Reses (2012, p. 447) acrescenta que:

O professor viveu/vive a contradição, a ambiguidade, da definição sobre o caráter de sua profissão. Este foi um dos fatores que gerou dificuldade na organização sindical destes profissionais. Se tendencialmente autônomos, se orgânicos às classes subalternas, se politicamente compromissados com a transformação das estruturas sociais e se “proletarizados”, por que os professores estariam sendo incapazes de reverter a posição em que hoje se encontram, sobretudo, em sociedades do tipo da brasileira?

As dificuldades de definição do caráter da profissão docente ocorrem em grau semelhante à dificuldade de organização sindical desses trabalhadores, sobretudo se considerarmos o processo histórico de construção da mesma vivenciada na sociedade ocidental moderna.
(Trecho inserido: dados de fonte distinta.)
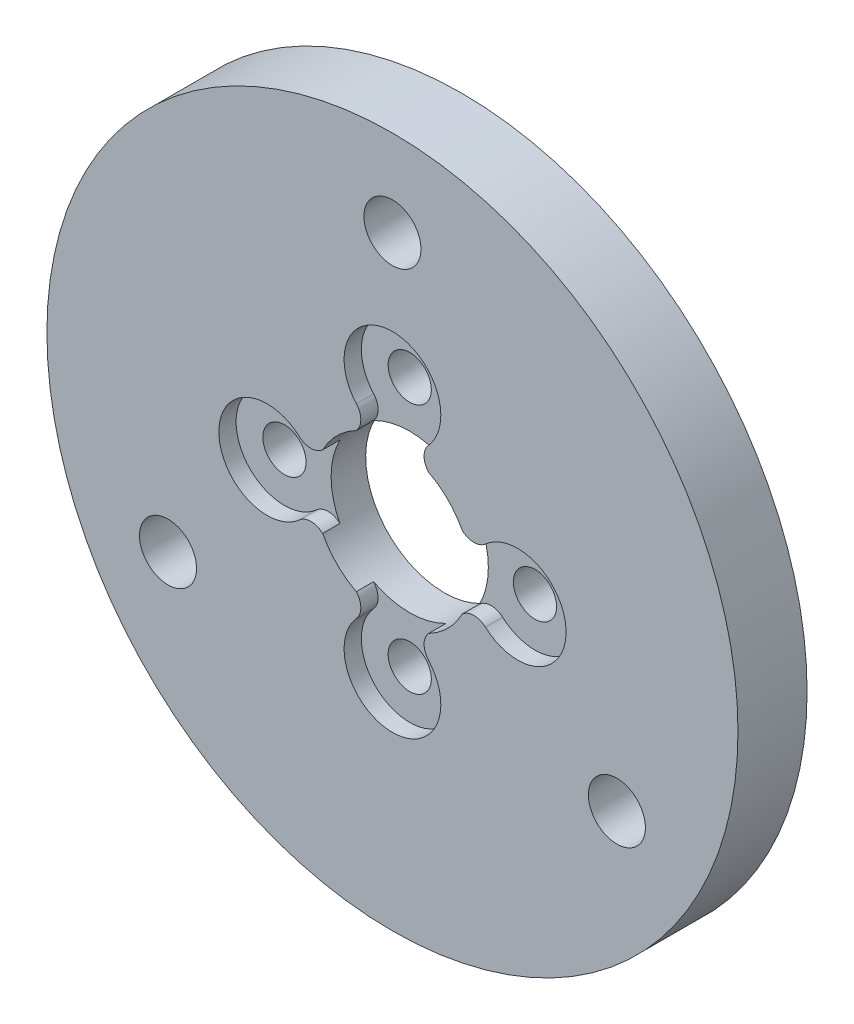
from build123d import *
from build123d.topology import SkipClean

# Parameters (mm, degrees)
SKETCH_1_R          = 20
SKETCH_1_R_2        = 4.55
EXTRUDE_1_DEPTH     = 3
SKETCH_4_R          = 1.25
CUT_EXTRUDE_3_DEPTH = 11
SKETCH_5_R          = 1.25
CUT_EXTRUDE_4_DEPTH = 1
SKETCH_7_R          = 20
SKETCH_7_R_2        = 9.5
EXTRUDE_2_DEPTH     = 1
EXTRUDE_START       = 0.2
SKETCH_9_R          = 20
SKETCH_9_R_2        = 9.5
EXTRUDE_3_DEPTH     = 0.2
SKETCH_10_R         = 19.25
SKETCH_10_R_2       = 17.25
CUT_EXTRUDE_6_DEPTH = 1
FILLET_1_R          = 1
SKETCH_11_R         = 20
CUT_EXTRUDE_7_DEPTH = 0.2
SKETCH_13_R         = 1.65
CUT_EXTRUDE_8_DEPTH = 29.565713714


with BuildPart() as part:
    # 草图1 → 凸台-拉伸1 (new body)
    with BuildSketch(Plane.XY):
        Circle(SKETCH_1_R)
        Circle(SKETCH_1_R_2, mode=Mode.SUBTRACT)
    extrude(amount=EXTRUDE_1_DEPTH)

    # 草图4 → 切除-拉伸3 (cut)
    with BuildSketch(Plane.XY.offset(3)):
        with Locations((0, 7.25)):
            Circle(SKETCH_4_R)
        with Locations((7.25, 0)):
            Circle(SKETCH_4_R)
        with Locations((0, -7.25)):
            Circle(SKETCH_4_R)
        with Locations((-7.25, 0)):
            Circle(SKETCH_4_R)
    extrude(amount=-CUT_EXTRUDE_3_DEPTH, mode=Mode.SUBTRACT)

    # 草图5 → 切除-拉伸4 (cut)
    with BuildSketch(Plane.XY.offset(3)):
        with BuildLine():
            ThreePointArc((-5.382359347, 2.08612521), (-10.05, 0), (-5.382359347, -2.08612521))
            ThreePointArc((-5.382359347, -2.08612521), (-4.565967837, -1.842389611), (-3.858009404, -2.316411759))
            ThreePointArc((-3.858009404, -2.316411759), (-3.181980515, -3.181980515), (-2.316411759, -3.858009404))
            ThreePointArc((-2.316411759, -3.858009404), (-1.842389611, -4.565967837), (-2.08612521, -5.382359347))
            ThreePointArc((-2.08612521, -5.382359347), (0, -10.05), (2.08612521, -5.382359347))
            ThreePointArc((2.08612521, -5.382359347), (1.842389611, -4.565967837), (2.316411759, -3.858009404))
            ThreePointArc((2.316411759, -3.858009404), (3.181980515, -3.181980515), (3.858009404, -2.316411759))
            ThreePointArc((3.858009404, -2.316411759), (4.565967837, -1.842389611), (5.382359347, -2.08612521))
            ThreePointArc((5.382359347, -2.08612521), (10.05, 0), (5.382359347, 2.08612521))
            ThreePointArc((5.382359347, 2.08612521), (4.565967837, 1.842389611), (3.858009404, 2.316411759))
            ThreePointArc((3.858009404, 2.316411759), (3.181980515, 3.181980515), (2.316411759, 3.858009404))
            ThreePointArc((2.316411759, 3.858009404), (1.842389611, 4.565967837), (2.08612521, 5.382359347))
            ThreePointArc((2.08612521, 5.382359347), (0, 10.05), (-2.08612521, 5.382359347))
            ThreePointArc((-2.08612521, 5.382359347), (-1.842389611, 4.565967837), (-2.316411759, 3.858009404))
            ThreePointArc((-2.316411759, 3.858009404), (-3.181980515, 3.181980515), (-3.858009404, 2.316411759))
            ThreePointArc((-3.858009404, 2.316411759), (-4.565967837, 1.842389611), (-5.382359347, 2.08612521))
        make_face()
        with Locations((0, -7.25)):
            Circle(SKETCH_5_R, mode=Mode.SUBTRACT)
        with Locations((-7.25, 0)):
            Circle(SKETCH_5_R, mode=Mode.SUBTRACT)
        with Locations((7.25, 0)):
            Circle(SKETCH_5_R, mode=Mode.SUBTRACT)
        with Locations((0, 7.25)):
            Circle(SKETCH_5_R, mode=Mode.SUBTRACT)
    extrude(amount=-CUT_EXTRUDE_4_DEPTH, mode=Mode.SUBTRACT)

    # 草图7 → 凸台-拉伸2 (add, symmetric)
    with SkipClean():  # the faces are left unmerged after this step: merging them gives an invalid solid
        with BuildSketch(Plane(origin=(0, 0, 0), x_dir=(-1, 0, 0), z_dir=(0, 0, -1))):
            Circle(SKETCH_7_R)
            with Locations(Location((0, 0, 0), (0, 0, 180))):
                Circle(SKETCH_7_R_2, mode=Mode.SUBTRACT)
        extrude(amount=EXTRUDE_2_DEPTH, both=True)

    # 草图9 → 凸台-拉伸3 (add)
    with BuildSketch(Plane(origin=(0, 0, -1), x_dir=(-1, 0, 0), z_dir=(0, 0, -1)).offset(EXTRUDE_START)):
        Circle(SKETCH_9_R)
        with Locations(Location((0, 0, 0), (0, 0, 180))):
            Circle(SKETCH_9_R_2, mode=Mode.SUBTRACT)
    extrude(amount=-EXTRUDE_3_DEPTH)

    # 草图10 → 切除-拉伸6 (cut)
    with BuildSketch(Plane(origin=(0, 0, -1.2), x_dir=(-1, 0, 0), z_dir=(0, 0, -1))):
        Circle(SKETCH_10_R)
        Circle(SKETCH_10_R_2, mode=Mode.SUBTRACT)
    extrude(amount=-CUT_EXTRUDE_6_DEPTH, mode=Mode.SUBTRACT)

    # 圆角1
    fillet_1_edges = [part.edges().sort_by_distance(p)[0] for p in [
        (19.25, 0, -0.2),
        (17.25, 0, -0.2),
    ]]
    fillet(fillet_1_edges, radius=FILLET_1_R - 0.0001)  # a hair under: the kernel refuses the full size

    # 草图11 → 切除-拉伸7 (cut)
    with BuildSketch(Plane(origin=(0, 0, -1.2), x_dir=(-1, 0, 0), z_dir=(0, 0, -1))):
        Circle(SKETCH_11_R)
    extrude(amount=-CUT_EXTRUDE_7_DEPTH, mode=Mode.SUBTRACT)

    # 草图13 → 切除-拉伸8 (cut, through all)
    with BuildSketch(Plane(origin=(0, 0, -1), x_dir=(-1, 0, 0), z_dir=(0, 0, -1))):
        with Locations((0, 15)):
            Circle(SKETCH_13_R)
        with Locations((12.990381057, -7.5)):
            Circle(SKETCH_13_R)
        with Locations((-12.990381057, -7.5)):
            Circle(SKETCH_13_R)
    extrude(amount=-CUT_EXTRUDE_8_DEPTH, mode=Mode.SUBTRACT)


solid = part.part

Miranda (2009, p. 7) faz a seguinte observação, sobre esse fato:

A trajetória que nos é possível observar, do sacerdócio à sindicalização, indica que a categoria docente se construiu enquanto classe, pois assim se organiza e se reconhece, o que não torna possível identificar uma forma homogênea de ação política.

As dificuldades apresentadas na mudança de paradigma, de olhar sobre a docência enquanto vocação-sacerdócio para uma profissão reconhecida e valorizada socialmente, nos mesmos níveis de outras profissões de nível superior, tem sido objeto de reflexão e luta docente constante, ainda que não seja da totalidade de docentes, por meio da construção de uma política de remuneração que considere, dentre outros aspectos, docência como uma profissão valorizada, em se tratando de remuneração.